One major potential unintended consequence of pursuing too restrictive conflict of interest policies in health care is that they can disqualify the very experts needed to provide advice and consultation. Consider the fact that more than one in three positions on the Food and Drug Administration advisory panels are vacant ( 218 vacant out of approximately 600 positions) because of concerns about conflicts of interest.[11] This is the case even though a study evaluating the effects of conflict of interest on voting patterns in FDA advisory committees concluded that, “A weak relationship between certain types of conflicts and voting behaviors was detected, but excluding advisory committee members and voting consultants with conflicts would not have altered the overall vote outcome at any meeting studied.” [12]
How then can we respond to the legitimate concerns about bias and conflicts of interests? I suggest first we need to be creative and thoughtful about our approaches and have a healthy dose of skepticism when simplistic answers are proposed. This caution is brought home –in the recent commentary by Sunita Sah and colleagues – that even our mainstay of dealing with conflict of interest, the insistence on disclosure, has profound unintended and even perverse consequences.[13] We can also structure relationship and networks in ways that minimize conflicts of interest. Furthermore, we can take advantage of other behavioral research that indicates that our propensity to cheat is moderated by just-in-time reminders of moral and ethical standards (see reference 8). We can go beyond simple disclosure of conflict of interest and put in place better patient education programs that make clear what conflicts of interests are present in their circumstances and their possible consequences to patient care. Finally, we need system changes to assure that second opinions are truly independent.
In our upcoming forum, “Health care Leadership: Navigating Ethics, Incentives and Conflicts of Interest,” we are asking questions such as: What unintended consequences follow from the transformation of patient/physician, patient/payer, physician/payer relationships into remunerative exchanges? In exchanges, increasingly laced with financial or reputational incentives, how is the primary character of the relationship changed? Are we inadvertently crowding out virtue, re-shaping “do what is right” into “do what is compensated?”
Let us know what you think about these complicated issues by adding your reflections in our Comments thread.

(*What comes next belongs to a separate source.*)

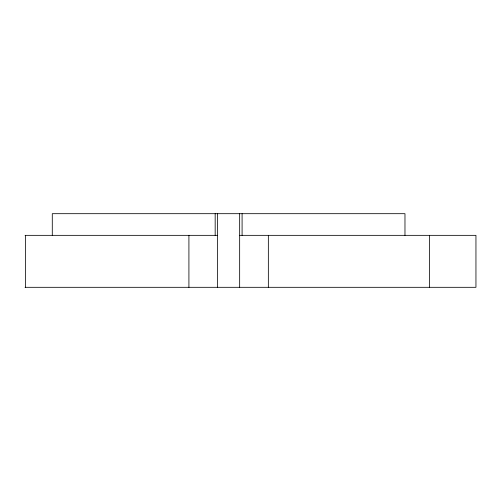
<?xml version="1.0" encoding="UTF-8"?>
<svg xmlns="http://www.w3.org/2000/svg" width="501" height="501" viewBox="0 0 501 501"><rect width="100%" height="100%" fill="white"/><g stroke="black" fill="none" stroke-linecap="round" stroke-linejoin="round"><path stroke-width="0.75" d="M25.05 235.345L217.597 235.345M239.66 235.345L475.95 235.345L475.95 287.311L25.05 287.311M429.582 235.345L429.582 287.311M404.971 235.345L404.971 213.689L52.286 213.689L52.286 235.345M268.348 235.345L268.348 287.311M242.089 213.689L242.089 235.345M239.66 213.689L239.66 287.311M217.597 213.689L217.597 287.311M215.173 213.689L215.173 235.345M188.915 235.345L188.915 287.311M25.488 235.345L25.488 287.311"/></g></svg>

[1] ABIM Foundation. Medical professionalism in the new millennium: a physician charter. American Board of Internal Medicine Web site: http://www.abimfoundation.org/Professionalism/Physician Charter .aspx. Accessed October 1, 2012
[2] Campbell EG, Gruen RL, Mounford J et al. A national survey of physician-industry relationships. N Engl J Med 2007;356(17):1742-1750.
[3] Koehn N. When Life is a Bunch of Carrots. The New York Times, February 4, 2012. http://www.nytimes.com/2012/02/05/business/strings-attached-looks-at-incentives-and-ethics… Accessed October 1, 2012.
[4] Brennan TA, Rothman DJ, Blank L et al. Health Industry Practices that Create Conflicts of Interest: A Policy Proposal for Academic Medical Centers. JAMA 2006;295:429-33.
[5] Chren MM. Interactions between physicians and drug company representatives. AM J Med 1999;107:182-3.
[6] King-Casas B, Tomlin D, Anen C et al. Getting to know you: Reputation and trust in a two-person economic exchange. Science 2005;78-83.
[7] Kirk U, Harvey A, Montague PR. Domain expertise insulates aginst judgment bias by monetary favors through a modulation of ventromedial prefrontal cortex. PNAS 2011;188(25):10332-10336.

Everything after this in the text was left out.